Timok Kuragos starrte mit ausdruckslosem Gesicht in die Dunkelheit.
»Aber ... aber Sie müssen mir glauben!«, rief Dirk van Kombast den Polizisten zu. Dann wandte er sich an Helene. »Und du hast doch vorhin selbst zugegeben, dass dein Freund hier ein Vampir ist. Oder war. Du wolltest sogar, dass er dich beißt. Was nur zeigt, dass er dir bereits den Verstand geraubt hat.«
Helene warf dem Vampirjäger einen mitleidigen Blick zu. »Vielleicht sollten Sie besser mal gucken, ob ihr eigener Verstand hier irgendwo an einem Ast hängen geblieben ist. Ich habe nie im Leben gesagt, dass Murdo ein Vampir ist. Und beißen lassen wollte ich mich auch nicht. Ich bin doch nicht bescheuert.«
Radu nickte. Er glaubte dem Mädchen sofort. Sie erinnerte ihn an seine Nichte. Ein aufgewecktes, hübsches, liebenswertes Mädchen.
»Sie lügt!«, rief Dirk van Kombast. Seine Wangen schimmerten rot durch die Erdkrümel auf seinem Gesicht hindurch. »Oder sie ist nicht bei Sinnen. Der Vampir hat sie in seinen Bann gezogen.«
»Mir kommt sie total bei Sinnen vor«, sagte Radu.
»Also ich habe noch nie einen Vampir gesehen«, sagte der Beamte mit der Knollennase. Er grinste verächtlich.
»Aber ICH!« Dirk van Kombast nickte so heftig, dass seine OP-Haube verrutschte. »Und zwar nicht nur einen, sondern an die Tausende. Hier im Wald. Erst vergangene Nacht. Sie haben sich gegenseitig angeniest und dann auch auf eine Vampirpuppe gerotzt und ...«
»Jetzt hören Sie endlich mit diesem Vampirblödsinn auf!«, forderte der Knollennasenpolizist.
»Vielleicht ist das für Sie ja eine große Überraschung, aber: Vampire gibt es nicht«, sagte Radu. »Das sind nur Sagengestalten. Verstehen Sie? Märchen. Sie machen sich mit der Geschichte doch nur lächerlich. Stimmt's, Chef?«
Polizeimeister Kuragos musterte Dirk van Kombast einen Moment. Dann nickte er seinem Kollegen zu. »Stimmt, Radu.«
»Wenn Sie meinen, in Transsilvanien würden Sie mit so einer Geschichte durchkommen, haben Sie sich geirrt«, fügte der Polizist mit dem großen Bauch und der großen Knollennase hinzu.
»Was heißt hier Geschichte?« Dirk van Kombast sah die Polizisten entsetzt an. »Das ist die Wahrheit!
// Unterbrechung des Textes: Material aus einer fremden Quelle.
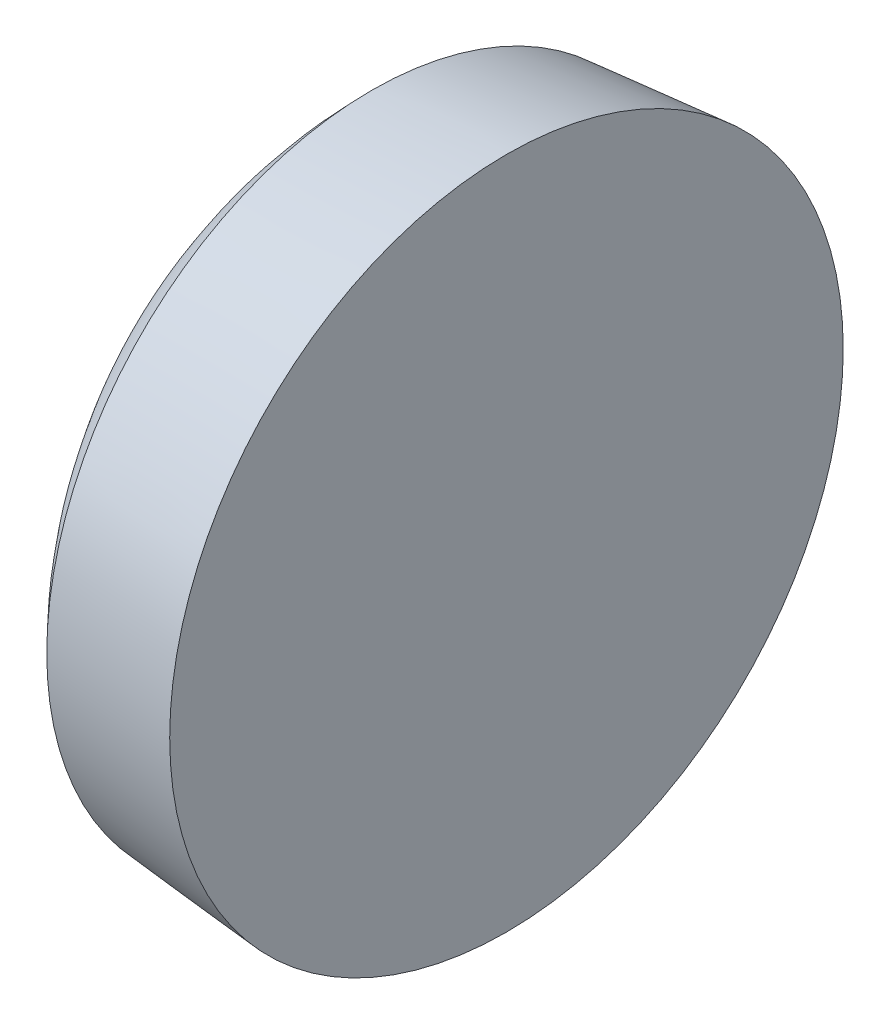
ISO-10303-21;
HEADER;
FILE_DESCRIPTION(('STEP AP214'),'2;1');
FILE_NAME('part.step','',(''),(''),'','','');
FILE_SCHEMA(('AUTOMOTIVE_DESIGN { 1 0 10303 214 1 1 1 1 }'));
ENDSEC;
DATA;
#1=APPLICATION_CONTEXT('core data for automotive mechanical design processes');
#2=APPLICATION_PROTOCOL_DEFINITION('international standard','automotive_design',2000,#1);
#3=PRODUCT_CONTEXT('',#1,'mechanical');
#4=PRODUCT('Part','Part','',(#3));
#5=PRODUCT_RELATED_PRODUCT_CATEGORY('part','',(#4));
#6=PRODUCT_DEFINITION_FORMATION('','',#4);
#7=PRODUCT_DEFINITION_CONTEXT('part definition',#1,'design');
#8=PRODUCT_DEFINITION('design','',#6,#7);
#9=PRODUCT_DEFINITION_SHAPE('','',#8);
#10=(LENGTH_UNIT() NAMED_UNIT(*) SI_UNIT(.MILLI.,.METRE.));
#11=(NAMED_UNIT(*) PLANE_ANGLE_UNIT() SI_UNIT($,.RADIAN.));
#12=(NAMED_UNIT(*) SI_UNIT($,.STERADIAN.) SOLID_ANGLE_UNIT());
#13=UNCERTAINTY_MEASURE_WITH_UNIT(LENGTH_MEASURE(1.E-05),#10,'distance_accuracy_value','');
#14=(GEOMETRIC_REPRESENTATION_CONTEXT(3) GLOBAL_UNCERTAINTY_ASSIGNED_CONTEXT((#13)) GLOBAL_UNIT_ASSIGNED_CONTEXT((#10,
#11,#12)) REPRESENTATION_CONTEXT('',''));
#15=CARTESIAN_POINT('',(0.,0.,0.));
#16=DIRECTION('',(0.,0.,1.));
#17=DIRECTION('',(1.,0.,0.));
#18=AXIS2_PLACEMENT_3D('',#15,#16,#17);
#19=CARTESIAN_POINT('',(183.433333333333,-6.9,10.));
#20=DIRECTION('',(-1.,0.,0.));
#21=DIRECTION('',(0.,0.,1.));
#22=AXIS2_PLACEMENT_3D('',#19,#20,#21);
#23=PLANE('',#22);
#24=DIRECTION('',(0.,0.,-1.));
#25=VECTOR('',#24,1.);
#26=CARTESIAN_POINT('',(183.433333333333,-5.95,10.));
#27=LINE('',#26,#25);
#28=CARTESIAN_POINT('',(183.433333333333,-5.95,9.82));
#29=VERTEX_POINT('',#28);
#30=CARTESIAN_POINT('',(183.433333333333,-5.95,10.18));
#31=VERTEX_POINT('',#30);
#32=EDGE_CURVE('E293',#29,#31,#27,.F.);
#33=ORIENTED_EDGE('',*,*,#32,.F.);
#34=DIRECTION('',(0.,1.,0.));
#35=VECTOR('',#34,1.);
#36=CARTESIAN_POINT('',(183.433333333333,-6.9,9.82));
#37=LINE('',#36,#35);
#38=CARTESIAN_POINT('',(183.433333333333,-6.72,9.82));
#39=VERTEX_POINT('',#38);
#40=EDGE_CURVE('E298',#39,#29,#37,.T.);
#41=ORIENTED_EDGE('',*,*,#40,.F.);
#42=DIRECTION('',(0.,0.,-1.));
#43=VECTOR('',#42,1.);
#44=CARTESIAN_POINT('',(183.433333333333,-6.72,10.));
#45=LINE('',#44,#43);
#46=CARTESIAN_POINT('',(183.433333333333,-6.72,9.05));
#47=VERTEX_POINT('',#46);
#48=EDGE_CURVE('E303',#47,#39,#45,.F.);
#49=ORIENTED_EDGE('',*,*,#48,.F.);
#50=DIRECTION('',(0.,1.,0.));
#51=VECTOR('',#50,1.);
#52=CARTESIAN_POINT('',(183.433333333333,-6.9,9.05));
#53=LINE('',#52,#51);
#54=CARTESIAN_POINT('',(183.433333333333,-7.08,9.05));
#55=VERTEX_POINT('',#54);
#56=EDGE_CURVE('E308',#55,#47,#53,.T.);
#57=ORIENTED_EDGE('',*,*,#56,.F.);
#58=DIRECTION('',(0.,0.,1.));
#59=VECTOR('',#58,1.);
#60=CARTESIAN_POINT('',(183.433333333333,-7.08,10.));
#61=LINE('',#60,#59);
#62=CARTESIAN_POINT('',(183.433333333333,-7.08,9.82));
#63=VERTEX_POINT('',#62);
#64=EDGE_CURVE('E313',#63,#55,#61,.F.);
#65=ORIENTED_EDGE('',*,*,#64,.F.);
#66=DIRECTION('',(0.,1.,0.));
#67=VECTOR('',#66,1.);
#68=CARTESIAN_POINT('',(183.433333333333,-6.9,9.82));
#69=LINE('',#68,#67);
#70=CARTESIAN_POINT('',(183.433333333333,-7.85,9.82));
#71=VERTEX_POINT('',#70);
#72=EDGE_CURVE('E318',#71,#63,#69,.T.);
#73=ORIENTED_EDGE('',*,*,#72,.F.);
#74=DIRECTION('',(0.,0.,-1.));
#75=VECTOR('',#74,1.);
#76=CARTESIAN_POINT('',(183.433333333333,-7.85,10.));
#77=LINE('',#76,#75);
#78=CARTESIAN_POINT('',(183.433333333333,-7.85,10.18));
#79=VERTEX_POINT('',#78);
#80=EDGE_CURVE('E267',#71,#79,#77,.F.);
#81=ORIENTED_EDGE('',*,*,#80,.T.);
#82=DIRECTION('',(0.,1.,0.));
#83=VECTOR('',#82,1.);
#84=CARTESIAN_POINT('',(183.433333333333,-6.9,10.18));
#85=LINE('',#84,#83);
#86=CARTESIAN_POINT('',(183.433333333333,-7.08,10.18));
#87=VERTEX_POINT('',#86);
#88=EDGE_CURVE('E264',#87,#79,#85,.F.);
#89=ORIENTED_EDGE('',*,*,#88,.F.);
#90=DIRECTION('',(0.,0.,1.));
#91=VECTOR('',#90,1.);
#92=CARTESIAN_POINT('',(183.433333333333,-7.08,10.));
#93=LINE('',#92,#91);
#94=CARTESIAN_POINT('',(183.433333333333,-7.08,10.95));
#95=VERTEX_POINT('',#94);
#96=EDGE_CURVE('E260',#95,#87,#93,.F.);
#97=ORIENTED_EDGE('',*,*,#96,.F.);
#98=DIRECTION('',(0.,1.,0.));
#99=VECTOR('',#98,1.);
#100=CARTESIAN_POINT('',(183.433333333333,-6.9,10.95));
#101=LINE('',#100,#99);
#102=CARTESIAN_POINT('',(183.433333333333,-6.72,10.95));
#103=VERTEX_POINT('',#102);
#104=EDGE_CURVE('E231',#95,#103,#101,.T.);
#105=ORIENTED_EDGE('',*,*,#104,.T.);
#106=DIRECTION('',(0.,0.,-1.));
#107=VECTOR('',#106,1.);
#108=CARTESIAN_POINT('',(183.433333333333,-6.72,10.));
#109=LINE('',#108,#107);
#110=CARTESIAN_POINT('',(183.433333333333,-6.72,10.18));
#111=VERTEX_POINT('',#110);
#112=EDGE_CURVE('E278',#111,#103,#109,.F.);
#113=ORIENTED_EDGE('',*,*,#112,.F.);
#114=DIRECTION('',(0.,1.,0.));
#115=VECTOR('',#114,1.);
#116=CARTESIAN_POINT('',(183.433333333333,-6.9,10.18));
#117=LINE('',#116,#115);
#118=EDGE_CURVE('E288',#31,#111,#117,.F.);
#119=ORIENTED_EDGE('',*,*,#118,.F.);
#120=EDGE_LOOP('',(#33,#41,#49,#57,#65,#73,#81,#89,#97,#105,#113,#119));
#121=FACE_BOUND('',#120,.T.);
#122=ADVANCED_FACE('F17',(#121),#23,.T.);
#123=CARTESIAN_POINT('',(182.833333333333,-7.08,10.));
#124=DIRECTION('',(0.,1.,0.));
#125=DIRECTION('',(0.,0.,1.));
#126=AXIS2_PLACEMENT_3D('',#123,#124,#125);
#127=PLANE('',#126);
#128=DIRECTION('',(1.,0.,0.));
#129=VECTOR('',#128,1.);
#130=CARTESIAN_POINT('',(182.833333333333,-7.08,10.95));
#131=LINE('',#130,#129);
#132=CARTESIAN_POINT('',(182.410428810142,-7.08,10.9499999999999));
#133=VERTEX_POINT('',#132);
#134=EDGE_CURVE('E89',#133,#95,#131,.T.);
#135=ORIENTED_EDGE('',*,*,#134,.T.);
#136=ORIENTED_EDGE('',*,*,#96,.T.);
#137=DIRECTION('',(-1.,0.,0.));
#138=VECTOR('',#137,1.);
#139=CARTESIAN_POINT('',(182.833333333333,-7.08,10.18));
#140=LINE('',#139,#138);
#141=CARTESIAN_POINT('',(182.245235763539,-7.07999999999998,10.18));
#142=VERTEX_POINT('',#141);
#143=EDGE_CURVE('E224',#142,#87,#140,.F.);
#144=ORIENTED_EDGE('',*,*,#143,.F.);
#145=CARTESIAN_POINT('',(182.410428810142,-7.08,10.9499999999998));
#146=CARTESIAN_POINT('',(182.398883795949,-7.08,10.9189995540504));
#147=CARTESIAN_POINT('',(182.387904413565,-7.08,10.8877884938066));
#148=CARTESIAN_POINT('',(182.367131215027,-7.08,10.8251104536467));
#149=CARTESIAN_POINT('',(182.357332908016,-7.08,10.7936449620739));
#150=CARTESIAN_POINT('',(182.338909367376,-7.08,10.7304618501355));
#151=CARTESIAN_POINT('',(182.330281127747,-7.08,10.6987451062671));
#152=CARTESIAN_POINT('',(182.31418937858,-7.08,10.6350619663154));
#153=CARTESIAN_POINT('',(182.306724349758,-7.08,10.6030959541241));
#154=CARTESIAN_POINT('',(182.292955171372,-7.08,10.5389148788567));
#155=CARTESIAN_POINT('',(182.286651021807,-7.08,10.5066998157807));
#156=CARTESIAN_POINT('',(182.275204274441,-7.08,10.4420201537523));
#157=CARTESIAN_POINT('',(182.270063219696,-7.08,10.4095552817085));
#158=CARTESIAN_POINT('',(182.260948171023,-7.08,10.3443751591892));
#159=CARTESIAN_POINT('',(182.256977278094,-7.08,10.3116594750372));
#160=CARTESIAN_POINT('',(182.250212291185,-7.08,10.2459761632456));
#161=CARTESIAN_POINT('',(182.247422903366,-7.08,10.2130080508537));
#162=CARTESIAN_POINT('',(182.24523576354,-7.08,10.18));
#163=B_SPLINE_CURVE_WITH_KNOTS('',3,(#145,#146,#147,#148,#149,#150,#151,#152,#153,#154,#155,
#156,#157,#158,#159,#160,#161,#162),.UNSPECIFIED.,.F.,.F.,(4,2,2,2,2,2,2,2,4),(0.,
0.099235744243404,0.198081387639237,0.296668072480432,0.395124892694019,0.493581712907607,
0.592168397748808,0.69101404114464,0.790249785388043),.UNSPECIFIED.);
#164=EDGE_CURVE('E20',#133,#142,#163,.T.);
#165=ORIENTED_EDGE('',*,*,#164,.F.);
#166=EDGE_LOOP('',(#135,#136,#144,#165));
#167=FACE_BOUND('',#166,.T.);
#168=ADVANCED_FACE('F221',(#167),#127,.T.);
#169=CARTESIAN_POINT('',(182.833333333333,-6.9,10.18));
#170=DIRECTION('',(0.,0.,-1.));
#171=DIRECTION('',(-1.,0.,0.));
#172=AXIS2_PLACEMENT_3D('',#169,#170,#171);
#173=PLANE('',#172);
#174=ORIENTED_EDGE('',*,*,#88,.T.);
#175=DIRECTION('',(1.,0.,0.));
#176=VECTOR('',#175,1.);
#177=CARTESIAN_POINT('',(182.833333333333,-7.85,10.18));
#178=LINE('',#177,#176);
#179=CARTESIAN_POINT('',(182.410428810142,-7.85,10.18));
#180=VERTEX_POINT('',#179);
#181=EDGE_CURVE('E324',#79,#180,#178,.F.);
#182=ORIENTED_EDGE('',*,*,#181,.T.);
#183=CARTESIAN_POINT('',(182.24523576354,-7.07999999999996,10.18));
#184=CARTESIAN_POINT('',(182.250889942228,-7.16559008255576,10.18));
#185=CARTESIAN_POINT('',(182.260621429629,-7.25090347737762,10.18));
#186=CARTESIAN_POINT('',(182.287988547145,-7.4196590615976,10.18));
#187=CARTESIAN_POINT('',(182.305570101184,-7.50311001948186,10.18));
#188=CARTESIAN_POINT('',(182.350299230746,-7.67504249159033,10.18));
#189=CARTESIAN_POINT('',(182.378135293842,-7.7633453110033,10.18));
#190=CARTESIAN_POINT('',(182.410428810142,-7.84999999999982,10.18));
#191=B_SPLINE_CURVE_WITH_KNOTS('',3,(#183,#184,#185,#186,#187,#188,#189,#190),.UNSPECIFIED.,.F.,
.F.,(4,2,2,4),(0.,0.25722165882931,0.51269811773729,0.789983486231458),.UNSPECIFIED.);
#192=EDGE_CURVE('E213',#142,#180,#191,.T.);
#193=ORIENTED_EDGE('',*,*,#192,.F.);
#194=ORIENTED_EDGE('',*,*,#143,.T.);
#195=EDGE_LOOP('',(#174,#182,#193,#194));
#196=FACE_BOUND('',#195,.T.);
#197=ADVANCED_FACE('F204',(#196),#173,.T.);
#198=CARTESIAN_POINT('',(182.833333333333,-7.85,10.));
#199=DIRECTION('',(0.,-1.,0.));
#200=DIRECTION('',(0.,0.,-1.));
#201=AXIS2_PLACEMENT_3D('',#198,#199,#200);
#202=PLANE('',#201);
#203=ORIENTED_EDGE('',*,*,#181,.F.);
#204=ORIENTED_EDGE('',*,*,#80,.F.);
#205=DIRECTION('',(1.,0.,0.));
#206=VECTOR('',#205,1.);
#207=CARTESIAN_POINT('',(182.833333333333,-7.85,9.82));
#208=LINE('',#207,#206);
#209=CARTESIAN_POINT('',(182.410428810142,-7.84999999999991,9.82));
#210=VERTEX_POINT('',#209);
#211=EDGE_CURVE('E320',#210,#71,#208,.T.);
#212=ORIENTED_EDGE('',*,*,#211,.F.);
#213=CARTESIAN_POINT('',(182.410428810143,-7.85,10.18));
#214=CARTESIAN_POINT('',(182.406200414444,-7.85000000000002,10.12));
#215=CARTESIAN_POINT('',(182.404086216595,-7.85000000000002,10.06));
#216=CARTESIAN_POINT('',(182.404086216595,-7.84999999999998,9.93999999999997));
#217=CARTESIAN_POINT('',(182.406200414444,-7.84999999999994,9.87999999999998));
#218=CARTESIAN_POINT('',(182.410428810143,-7.84999999999989,9.81999999999998));
#219=B_SPLINE_CURVE_WITH_KNOTS('',3,(#213,#214,#215,#216,#217,#218),.UNSPECIFIED.,.F.,.F.,(4,2,
4),(0.,0.180111711148681,0.36022342229736),.UNSPECIFIED.);
#220=EDGE_CURVE('E207',#180,#210,#219,.T.);
#221=ORIENTED_EDGE('',*,*,#220,.F.);
#222=EDGE_LOOP('',(#203,#204,#212,#221));
#223=FACE_BOUND('',#222,.T.);
#224=ADVANCED_FACE('F199',(#223),#202,.F.);
#225=CARTESIAN_POINT('',(182.833333333333,-6.9,9.82));
#226=DIRECTION('',(0.,0.,1.));
#227=DIRECTION('',(1.,0.,0.));
#228=AXIS2_PLACEMENT_3D('',#225,#226,#227);
#229=PLANE('',#228);
#230=ORIENTED_EDGE('',*,*,#72,.T.);
#231=DIRECTION('',(1.,0.,0.));
#232=VECTOR('',#231,1.);
#233=CARTESIAN_POINT('',(182.833333333333,-7.08,9.82));
#234=LINE('',#233,#232);
#235=CARTESIAN_POINT('',(182.245235763539,-7.08,9.82000000000002));
#236=VERTEX_POINT('',#235);
#237=EDGE_CURVE('E315',#236,#63,#234,.T.);
#238=ORIENTED_EDGE('',*,*,#237,.F.);
#239=CARTESIAN_POINT('',(182.410428810142,-7.84999999999982,9.82));
#240=CARTESIAN_POINT('',(182.398883795949,-7.8189995540504,9.82));
#241=CARTESIAN_POINT('',(182.387904413565,-7.78778849380655,9.82));
#242=CARTESIAN_POINT('',(182.367131215027,-7.72511045364668,9.82));
#243=CARTESIAN_POINT('',(182.357332908016,-7.69364496207389,9.82));
#244=CARTESIAN_POINT('',(182.338909367376,-7.63046185013545,9.82));
#245=CARTESIAN_POINT('',(182.330281127747,-7.5987451062671,9.82));
#246=CARTESIAN_POINT('',(182.31418937858,-7.53506196631538,9.82));
#247=CARTESIAN_POINT('',(182.306724349758,-7.50309595412406,9.82));
#248=CARTESIAN_POINT('',(182.292955171372,-7.43891487885671,9.82));
#249=CARTESIAN_POINT('',(182.286651021807,-7.40669981578069,9.82));
#250=CARTESIAN_POINT('',(182.275204274441,-7.3420201537523,9.82));
#251=CARTESIAN_POINT('',(182.270063219696,-7.30955528170848,9.82));
#252=CARTESIAN_POINT('',(182.260948171023,-7.24437515918925,9.82));
#253=CARTESIAN_POINT('',(182.256977278094,-7.21165947503717,9.82));
#254=CARTESIAN_POINT('',(182.250212291185,-7.14597616324555,9.82));
#255=CARTESIAN_POINT('',(182.247422903366,-7.11300805085374,9.82));
#256=CARTESIAN_POINT('',(182.24523576354,-7.07999999999996,9.82));
#257=B_SPLINE_CURVE_WITH_KNOTS('',3,(#239,#240,#241,#242,#243,#244,#245,#246,#247,#248,#249,
#250,#251,#252,#253,#254,#255,#256),.UNSPECIFIED.,.F.,.F.,(4,2,2,2,2,2,2,2,4),(0.,
0.0992357442434032,0.198081387639238,0.296668072480432,0.395124892694019,0.493581712907607,
0.592168397748809,0.691014041144643,0.790249785388045),.UNSPECIFIED.);
#258=EDGE_CURVE('E184',#210,#236,#257,.T.);
#259=ORIENTED_EDGE('',*,*,#258,.F.);
#260=ORIENTED_EDGE('',*,*,#211,.T.);
#261=EDGE_LOOP('',(#230,#238,#259,#260));
#262=FACE_BOUND('',#261,.T.);
#263=ADVANCED_FACE('F194',(#262),#229,.T.);
#264=CARTESIAN_POINT('',(182.833333333333,-7.08,10.));
#265=DIRECTION('',(0.,1.,0.));
#266=DIRECTION('',(0.,0.,1.));
#267=AXIS2_PLACEMENT_3D('',#264,#265,#266);
#268=PLANE('',#267);
#269=DIRECTION('',(1.,0.,0.));
#270=VECTOR('',#269,1.);
#271=CARTESIAN_POINT('',(182.833333333333,-7.08,9.05));
#272=LINE('',#271,#270);
#273=CARTESIAN_POINT('',(182.410428810142,-7.08,9.05));
#274=VERTEX_POINT('',#273);
#275=EDGE_CURVE('E310',#274,#55,#272,.T.);
#276=ORIENTED_EDGE('',*,*,#275,.F.);
#277=CARTESIAN_POINT('',(182.24523576354,-7.08,9.82000000000004));
#278=CARTESIAN_POINT('',(182.250889942228,-7.08,9.73440991744424));
#279=CARTESIAN_POINT('',(182.260621429629,-7.08,9.64909652262238));
#280=CARTESIAN_POINT('',(182.287988547145,-7.08,9.4803409384024));
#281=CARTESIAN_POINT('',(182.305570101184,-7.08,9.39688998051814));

Vampire sind keine Sagengestalten. Diese Lüge haben die Vampire selbst verbreitet, damit man die Suche nach ihnen aufgibt. Dabei gibt es Tausende, ach, was sage ich, Millionen von ihnen.« Dirk van Kombast sah Timok Kuragos an und flüsterte: »Und sie sind mitten unter uns.«
Der Polizeimeister erwiderte Dirk van Kombasts Blick, ohne zu blinzeln. Er zog lediglich eine Augenbraue nach oben.
»Also mir reicht's, Chef«, sagte der Knollennasenbeamte. »Nehmen wir ihn fest, oder was?«
»Festnehmen? Mich? Wieso das denn?« Dirk van Kombast sah aufgebracht zwischen den Beamten hin und her.
Der Polizeimeister nickte den Beamten zu. Sofort ergriffen sie den Vampirjäger.
»Aufhören! Lassen Sie mich los! Ich bin der Retter, nicht der Täter!« Dirk van Kombast versuchte, sich aus dem Griff der Polizisten zu befreien.
»Unmöglich, unmöglich«, murmelte der unauffällige Polizeibeamte.
Helene warf Dirk van Kombast einen mitfühlenden Blick zu. Er hatte ihr die erste Liebesszene ihres Lebens verdorben. Er hatte ihre erste Liebe getötet. Und er hatte ihrer Meinung nach vollkommen den Verstand verloren. Dennoch sah er jetzt so erbärmlich und lächerlich aus, dass er ihr leidtat. Aber nur ganz kurz. Und nur ganz wenig.